Trattativa Stato-mafia, Nicola Mancino ribadisce la propria estraneità. Venerdì invece Massimo Ciancimino renderà dichiarazioni spontanee: tornerà a parlare per la prima volta da quando è stato arrestato

Venerdì, a Palermo, Massimo Ciancimino renderà dichiarazioni spontanee al processo Stato-mafia. Si tratta della prima volta che prende la parola da quando è stato arrestato e condotto in carcere. Il figlio di Don Vito due settimane fa era finito al Pagliarelli, al culmine di un'operazione della Squadra Mobile. Ciancimino dovrà scontare un cumulo di pene residue pari a quattro anni, cinque mesi e otto giorni di reclusione. Le condanne inferte nei confronti del figlio dell’ex sindaco condannato per mafia, divenendo irrevocabili, hanno sancito la colpevolezza di Ciancimino junior, già finito in carcere per riciclaggio e detenzione di esplosivi.

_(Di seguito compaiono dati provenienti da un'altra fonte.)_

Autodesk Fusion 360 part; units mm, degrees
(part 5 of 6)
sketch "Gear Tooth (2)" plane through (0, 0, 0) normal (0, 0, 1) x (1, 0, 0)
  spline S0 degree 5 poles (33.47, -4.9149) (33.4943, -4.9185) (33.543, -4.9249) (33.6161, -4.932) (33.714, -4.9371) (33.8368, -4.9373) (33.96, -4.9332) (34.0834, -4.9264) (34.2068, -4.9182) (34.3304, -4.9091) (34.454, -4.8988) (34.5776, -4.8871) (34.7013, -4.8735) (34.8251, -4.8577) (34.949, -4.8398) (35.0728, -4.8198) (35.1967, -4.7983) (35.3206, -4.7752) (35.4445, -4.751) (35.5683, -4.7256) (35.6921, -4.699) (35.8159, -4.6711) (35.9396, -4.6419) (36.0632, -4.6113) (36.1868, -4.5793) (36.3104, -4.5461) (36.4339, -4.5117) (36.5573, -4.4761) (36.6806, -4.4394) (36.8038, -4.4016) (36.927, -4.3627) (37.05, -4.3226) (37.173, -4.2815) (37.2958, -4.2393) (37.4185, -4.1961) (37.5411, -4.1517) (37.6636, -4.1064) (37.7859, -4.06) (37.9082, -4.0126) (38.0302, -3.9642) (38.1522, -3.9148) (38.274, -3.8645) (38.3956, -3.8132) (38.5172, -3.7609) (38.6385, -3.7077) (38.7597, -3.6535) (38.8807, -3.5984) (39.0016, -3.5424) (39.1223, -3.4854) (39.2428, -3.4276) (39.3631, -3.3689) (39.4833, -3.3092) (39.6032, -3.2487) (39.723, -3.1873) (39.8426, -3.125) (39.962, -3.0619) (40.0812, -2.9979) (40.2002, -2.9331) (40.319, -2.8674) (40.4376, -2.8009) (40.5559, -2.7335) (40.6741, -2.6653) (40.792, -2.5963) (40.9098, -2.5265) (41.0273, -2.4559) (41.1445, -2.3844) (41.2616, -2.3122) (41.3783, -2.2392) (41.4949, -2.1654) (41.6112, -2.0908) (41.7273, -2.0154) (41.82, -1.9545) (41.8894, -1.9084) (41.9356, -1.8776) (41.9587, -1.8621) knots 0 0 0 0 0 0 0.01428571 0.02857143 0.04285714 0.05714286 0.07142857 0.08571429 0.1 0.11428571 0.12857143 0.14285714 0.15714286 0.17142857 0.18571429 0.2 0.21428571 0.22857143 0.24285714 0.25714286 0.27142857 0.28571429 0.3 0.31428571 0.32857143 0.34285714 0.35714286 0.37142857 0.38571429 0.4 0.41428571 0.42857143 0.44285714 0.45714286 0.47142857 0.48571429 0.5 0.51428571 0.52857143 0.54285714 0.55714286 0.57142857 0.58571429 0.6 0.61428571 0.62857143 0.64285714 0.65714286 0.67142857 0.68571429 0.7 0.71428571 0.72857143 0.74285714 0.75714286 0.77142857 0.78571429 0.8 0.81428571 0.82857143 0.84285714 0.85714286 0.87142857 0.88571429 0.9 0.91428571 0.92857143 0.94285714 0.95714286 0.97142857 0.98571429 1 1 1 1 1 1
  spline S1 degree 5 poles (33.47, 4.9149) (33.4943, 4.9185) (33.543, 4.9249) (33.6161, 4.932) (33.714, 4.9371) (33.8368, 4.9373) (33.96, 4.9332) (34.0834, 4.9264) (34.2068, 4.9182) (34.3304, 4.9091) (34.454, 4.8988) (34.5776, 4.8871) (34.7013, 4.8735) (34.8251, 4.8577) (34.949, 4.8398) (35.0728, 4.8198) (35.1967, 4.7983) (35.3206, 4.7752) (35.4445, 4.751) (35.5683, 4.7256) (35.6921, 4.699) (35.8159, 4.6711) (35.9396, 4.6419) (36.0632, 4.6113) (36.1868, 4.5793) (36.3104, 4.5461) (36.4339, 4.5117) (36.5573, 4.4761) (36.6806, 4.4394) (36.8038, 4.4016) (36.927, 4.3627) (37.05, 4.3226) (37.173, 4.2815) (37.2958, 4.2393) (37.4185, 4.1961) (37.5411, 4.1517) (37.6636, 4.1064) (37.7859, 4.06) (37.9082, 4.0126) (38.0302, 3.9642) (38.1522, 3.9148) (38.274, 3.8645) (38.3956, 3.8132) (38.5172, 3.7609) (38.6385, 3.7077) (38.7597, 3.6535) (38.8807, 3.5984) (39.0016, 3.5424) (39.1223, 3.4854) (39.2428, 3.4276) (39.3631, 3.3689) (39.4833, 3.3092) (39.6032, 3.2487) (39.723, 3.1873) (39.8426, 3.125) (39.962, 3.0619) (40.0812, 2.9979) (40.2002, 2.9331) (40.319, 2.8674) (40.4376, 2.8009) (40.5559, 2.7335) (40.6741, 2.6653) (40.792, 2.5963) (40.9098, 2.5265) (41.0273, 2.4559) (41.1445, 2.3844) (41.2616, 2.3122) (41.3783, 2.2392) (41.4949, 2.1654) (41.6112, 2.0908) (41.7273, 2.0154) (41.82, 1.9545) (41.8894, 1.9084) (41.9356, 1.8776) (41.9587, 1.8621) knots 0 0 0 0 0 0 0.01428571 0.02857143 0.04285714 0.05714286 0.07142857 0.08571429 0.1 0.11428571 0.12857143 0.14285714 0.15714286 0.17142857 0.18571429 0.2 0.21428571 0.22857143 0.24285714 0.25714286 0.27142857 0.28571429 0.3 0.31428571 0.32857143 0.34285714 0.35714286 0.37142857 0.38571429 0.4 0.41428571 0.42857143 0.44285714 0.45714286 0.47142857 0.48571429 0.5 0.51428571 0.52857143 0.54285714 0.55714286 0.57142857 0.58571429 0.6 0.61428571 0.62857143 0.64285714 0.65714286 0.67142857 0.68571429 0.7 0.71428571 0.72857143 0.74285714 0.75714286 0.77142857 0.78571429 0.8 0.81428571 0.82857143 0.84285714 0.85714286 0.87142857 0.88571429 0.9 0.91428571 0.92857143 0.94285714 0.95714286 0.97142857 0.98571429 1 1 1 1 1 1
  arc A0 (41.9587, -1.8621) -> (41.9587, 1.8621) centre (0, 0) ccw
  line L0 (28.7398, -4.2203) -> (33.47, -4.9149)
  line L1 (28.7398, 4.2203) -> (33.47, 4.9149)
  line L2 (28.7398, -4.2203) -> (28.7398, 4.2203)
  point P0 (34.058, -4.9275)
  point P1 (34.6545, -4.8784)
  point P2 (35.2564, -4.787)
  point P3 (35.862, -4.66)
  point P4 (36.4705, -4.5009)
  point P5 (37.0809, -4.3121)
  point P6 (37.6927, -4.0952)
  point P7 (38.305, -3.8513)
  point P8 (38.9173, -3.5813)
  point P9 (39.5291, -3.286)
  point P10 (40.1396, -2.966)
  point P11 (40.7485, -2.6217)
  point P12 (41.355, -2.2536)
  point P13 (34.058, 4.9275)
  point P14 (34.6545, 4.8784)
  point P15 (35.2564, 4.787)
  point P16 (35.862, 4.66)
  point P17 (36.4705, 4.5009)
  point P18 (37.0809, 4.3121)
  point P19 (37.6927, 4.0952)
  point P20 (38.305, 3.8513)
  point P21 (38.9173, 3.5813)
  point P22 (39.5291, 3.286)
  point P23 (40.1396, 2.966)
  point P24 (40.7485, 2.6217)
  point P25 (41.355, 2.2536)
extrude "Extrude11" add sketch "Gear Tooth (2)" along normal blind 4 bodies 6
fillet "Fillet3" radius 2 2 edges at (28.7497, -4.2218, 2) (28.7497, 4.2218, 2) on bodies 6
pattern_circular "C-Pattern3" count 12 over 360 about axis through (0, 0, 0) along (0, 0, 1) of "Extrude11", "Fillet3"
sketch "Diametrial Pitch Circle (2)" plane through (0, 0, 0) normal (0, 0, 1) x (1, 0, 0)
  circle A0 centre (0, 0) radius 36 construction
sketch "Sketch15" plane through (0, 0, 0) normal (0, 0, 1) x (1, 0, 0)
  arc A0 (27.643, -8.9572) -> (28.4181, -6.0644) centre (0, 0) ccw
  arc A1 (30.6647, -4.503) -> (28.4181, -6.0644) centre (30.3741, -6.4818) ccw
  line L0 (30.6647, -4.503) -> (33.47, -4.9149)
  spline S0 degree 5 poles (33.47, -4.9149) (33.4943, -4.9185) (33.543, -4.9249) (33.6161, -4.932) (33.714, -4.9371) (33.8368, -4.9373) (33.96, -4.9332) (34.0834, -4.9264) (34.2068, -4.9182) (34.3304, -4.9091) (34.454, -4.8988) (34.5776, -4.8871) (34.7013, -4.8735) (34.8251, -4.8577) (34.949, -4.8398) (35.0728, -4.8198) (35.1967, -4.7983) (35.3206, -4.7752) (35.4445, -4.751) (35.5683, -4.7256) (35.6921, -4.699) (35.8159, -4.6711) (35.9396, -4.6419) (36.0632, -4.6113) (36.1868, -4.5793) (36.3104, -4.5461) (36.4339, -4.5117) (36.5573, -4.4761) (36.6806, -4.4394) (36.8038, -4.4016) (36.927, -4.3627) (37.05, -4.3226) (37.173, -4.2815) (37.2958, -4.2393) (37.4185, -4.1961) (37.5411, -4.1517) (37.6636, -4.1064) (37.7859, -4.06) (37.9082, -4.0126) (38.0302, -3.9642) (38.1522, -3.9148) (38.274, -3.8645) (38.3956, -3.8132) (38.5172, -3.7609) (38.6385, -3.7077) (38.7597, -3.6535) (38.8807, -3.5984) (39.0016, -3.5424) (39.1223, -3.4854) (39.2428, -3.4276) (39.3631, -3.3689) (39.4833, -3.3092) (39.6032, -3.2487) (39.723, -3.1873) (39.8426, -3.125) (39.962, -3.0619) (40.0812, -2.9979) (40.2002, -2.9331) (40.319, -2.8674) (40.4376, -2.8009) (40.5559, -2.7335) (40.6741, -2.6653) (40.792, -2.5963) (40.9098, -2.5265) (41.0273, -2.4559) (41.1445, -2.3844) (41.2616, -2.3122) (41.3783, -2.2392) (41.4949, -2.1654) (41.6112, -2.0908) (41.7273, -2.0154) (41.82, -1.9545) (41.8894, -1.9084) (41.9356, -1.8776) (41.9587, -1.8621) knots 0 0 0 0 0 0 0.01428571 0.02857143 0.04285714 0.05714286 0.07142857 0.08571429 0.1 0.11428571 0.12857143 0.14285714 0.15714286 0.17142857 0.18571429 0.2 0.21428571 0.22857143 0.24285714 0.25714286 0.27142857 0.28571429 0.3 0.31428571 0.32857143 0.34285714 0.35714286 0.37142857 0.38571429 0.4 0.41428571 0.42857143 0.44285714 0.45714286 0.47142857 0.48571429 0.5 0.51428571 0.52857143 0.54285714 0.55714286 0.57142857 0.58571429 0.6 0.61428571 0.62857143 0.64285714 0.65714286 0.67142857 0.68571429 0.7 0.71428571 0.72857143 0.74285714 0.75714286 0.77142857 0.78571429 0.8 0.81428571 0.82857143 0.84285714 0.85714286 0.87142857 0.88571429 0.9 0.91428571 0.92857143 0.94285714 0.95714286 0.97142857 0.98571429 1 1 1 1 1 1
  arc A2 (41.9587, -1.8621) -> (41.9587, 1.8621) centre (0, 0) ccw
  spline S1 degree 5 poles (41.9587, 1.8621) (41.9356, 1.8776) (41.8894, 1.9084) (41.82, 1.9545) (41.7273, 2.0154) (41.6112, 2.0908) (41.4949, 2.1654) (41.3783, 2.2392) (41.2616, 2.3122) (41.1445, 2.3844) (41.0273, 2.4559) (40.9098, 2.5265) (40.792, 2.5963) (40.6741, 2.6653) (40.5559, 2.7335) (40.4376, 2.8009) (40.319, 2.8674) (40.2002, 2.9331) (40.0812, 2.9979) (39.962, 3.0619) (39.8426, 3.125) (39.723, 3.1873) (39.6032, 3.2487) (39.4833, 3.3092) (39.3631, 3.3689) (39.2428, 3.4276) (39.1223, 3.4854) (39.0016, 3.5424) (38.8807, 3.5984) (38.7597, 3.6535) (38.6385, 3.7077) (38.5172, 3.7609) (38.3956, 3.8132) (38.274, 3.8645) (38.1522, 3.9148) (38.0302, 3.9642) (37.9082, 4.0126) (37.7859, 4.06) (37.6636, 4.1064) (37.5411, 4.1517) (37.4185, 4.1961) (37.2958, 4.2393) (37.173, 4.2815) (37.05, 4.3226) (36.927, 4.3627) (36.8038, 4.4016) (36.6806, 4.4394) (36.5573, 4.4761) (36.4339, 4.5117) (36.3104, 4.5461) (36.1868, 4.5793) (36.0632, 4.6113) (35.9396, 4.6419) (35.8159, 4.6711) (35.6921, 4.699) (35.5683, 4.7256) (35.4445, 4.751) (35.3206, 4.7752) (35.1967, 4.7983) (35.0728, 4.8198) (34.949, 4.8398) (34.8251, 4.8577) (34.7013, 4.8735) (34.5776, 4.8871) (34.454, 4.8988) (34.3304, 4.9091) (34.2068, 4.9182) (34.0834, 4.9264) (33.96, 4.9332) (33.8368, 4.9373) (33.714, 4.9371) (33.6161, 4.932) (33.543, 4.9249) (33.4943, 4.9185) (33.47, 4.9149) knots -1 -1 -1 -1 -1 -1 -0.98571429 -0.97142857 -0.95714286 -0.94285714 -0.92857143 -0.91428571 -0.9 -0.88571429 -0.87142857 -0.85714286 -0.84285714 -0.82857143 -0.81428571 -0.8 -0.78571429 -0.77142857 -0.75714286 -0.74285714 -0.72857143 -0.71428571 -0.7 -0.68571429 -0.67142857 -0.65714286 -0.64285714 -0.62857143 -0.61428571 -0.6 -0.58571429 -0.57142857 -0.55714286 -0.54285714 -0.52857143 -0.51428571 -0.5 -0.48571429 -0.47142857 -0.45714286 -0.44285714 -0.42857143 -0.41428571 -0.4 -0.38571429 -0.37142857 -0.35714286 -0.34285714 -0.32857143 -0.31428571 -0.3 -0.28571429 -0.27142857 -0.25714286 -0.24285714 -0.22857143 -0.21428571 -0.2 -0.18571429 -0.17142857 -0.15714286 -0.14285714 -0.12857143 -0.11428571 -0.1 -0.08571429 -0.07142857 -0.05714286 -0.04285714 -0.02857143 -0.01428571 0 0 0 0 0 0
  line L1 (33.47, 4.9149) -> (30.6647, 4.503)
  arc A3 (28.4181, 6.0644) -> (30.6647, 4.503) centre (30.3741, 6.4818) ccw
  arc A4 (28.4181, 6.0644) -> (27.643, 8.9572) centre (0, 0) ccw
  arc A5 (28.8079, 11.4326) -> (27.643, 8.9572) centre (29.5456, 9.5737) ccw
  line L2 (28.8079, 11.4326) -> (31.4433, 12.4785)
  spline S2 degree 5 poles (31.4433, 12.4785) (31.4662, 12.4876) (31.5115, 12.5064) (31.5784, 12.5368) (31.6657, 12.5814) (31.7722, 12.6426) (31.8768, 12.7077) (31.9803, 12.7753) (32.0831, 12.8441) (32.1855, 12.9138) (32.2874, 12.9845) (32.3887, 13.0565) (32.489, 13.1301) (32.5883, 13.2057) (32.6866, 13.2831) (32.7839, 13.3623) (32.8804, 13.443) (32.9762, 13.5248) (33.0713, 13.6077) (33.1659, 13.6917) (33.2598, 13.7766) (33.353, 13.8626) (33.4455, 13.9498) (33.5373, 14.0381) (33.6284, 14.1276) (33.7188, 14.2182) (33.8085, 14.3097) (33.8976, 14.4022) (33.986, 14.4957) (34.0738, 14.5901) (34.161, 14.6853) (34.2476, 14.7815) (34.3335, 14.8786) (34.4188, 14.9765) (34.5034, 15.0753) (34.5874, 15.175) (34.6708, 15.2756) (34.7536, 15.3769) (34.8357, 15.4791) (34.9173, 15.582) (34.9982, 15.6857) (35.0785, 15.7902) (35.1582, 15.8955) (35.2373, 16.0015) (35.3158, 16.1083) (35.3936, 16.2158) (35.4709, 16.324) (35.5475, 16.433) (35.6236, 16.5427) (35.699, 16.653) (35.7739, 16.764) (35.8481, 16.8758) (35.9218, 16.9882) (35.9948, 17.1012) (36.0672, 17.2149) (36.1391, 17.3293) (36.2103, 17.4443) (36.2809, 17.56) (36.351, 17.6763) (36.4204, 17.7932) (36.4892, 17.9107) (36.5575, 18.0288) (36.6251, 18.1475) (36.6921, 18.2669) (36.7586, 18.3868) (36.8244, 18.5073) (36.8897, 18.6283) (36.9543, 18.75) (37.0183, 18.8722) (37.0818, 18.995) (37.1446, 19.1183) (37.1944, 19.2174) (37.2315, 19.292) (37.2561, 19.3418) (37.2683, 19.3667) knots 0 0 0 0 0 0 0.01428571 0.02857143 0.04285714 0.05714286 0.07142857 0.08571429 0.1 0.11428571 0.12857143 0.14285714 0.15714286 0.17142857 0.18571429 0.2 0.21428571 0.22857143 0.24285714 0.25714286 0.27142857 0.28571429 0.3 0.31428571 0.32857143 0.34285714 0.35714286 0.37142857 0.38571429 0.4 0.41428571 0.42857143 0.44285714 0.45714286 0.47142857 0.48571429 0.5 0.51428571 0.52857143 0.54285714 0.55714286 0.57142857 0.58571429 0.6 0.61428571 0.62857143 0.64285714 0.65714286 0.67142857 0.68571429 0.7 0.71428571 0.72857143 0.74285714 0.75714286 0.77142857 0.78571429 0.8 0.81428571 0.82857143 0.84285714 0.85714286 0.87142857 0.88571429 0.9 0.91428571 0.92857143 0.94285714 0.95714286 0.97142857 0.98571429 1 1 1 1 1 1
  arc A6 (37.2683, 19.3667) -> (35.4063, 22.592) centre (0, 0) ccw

I fatti per cui è intervenuta la sentenza definitiva sono avvenuti rispettivamente dal 2000 al 2005 nel primo caso, e nel 2011 nel secondo. 
In un primo procedimento penale, Ciancimino è stato condannato per i reati di riciclaggio, nonché di impiego di denaro, beni o utilità di provenienza illecita, in relazione a fatti commessi tra Palermo, Ginevra e la Romania. Le contestazioni sono state mosse in concorso con la madre Epifania Scardino ed alcuni professionisti, ad alcuni dei quali è stata attribuita anche la fittizia intestazione di beni. Gli addebiti sono da ricondurre all’occultamento di un ingente patrimonio, in parte già oggetto di sequestro, costituito da denaro, beni mobili e immobili nonché partecipazioni societarie.

Intanto, in merito alla trattativa tra Stato e mafia, l'ex presidente del Senato Nicola Mancino ha ribadito la propria estraneità.  Lo ha fatto nell'aula bunker di Palermo dov'è imputato per falsa testimonianza nell'ambito dell'inchiesta sulla "trattativa". Mancino si è definito un "terzo estraneo", formalizzando dinanzi al presidente della Corte d'assise Alfredo Montalto la sua intenzione di non sottoporsi all'interrogatorio da parte dei pm.

Mancino è tornato sull'incontro avuto al ministro degli Interni con Paolo Borsellino l'1 luglio 1992, diciotto giorni prima che il giudice venisse ucciso nella strage di via D'Amelio. "Si sono fatte maliziose e subdole insinuazioni", ha detto Mancino il quale ha ribadito la sua "durezza e fermezza nei confronti di un nemico che aveva dichiarato guerra allo Stato. Dissi che la cattura di Riina non mi bastava - ha spiegato l'ex seconda carica dello Stato -, bisognava catturare tutta la Cupola".

Insomma, per Mancino, contro di lui ci sarebbero state "calunnie e millanterie. Denunciate - ha proseguito -, ma che non hanno dato seguito alcun accertamento, nè verifiche". "Un teorema che doveva rimanere in piedi", dunque, contro di lui che ha sempre espresso la propria estraneità ai fatti.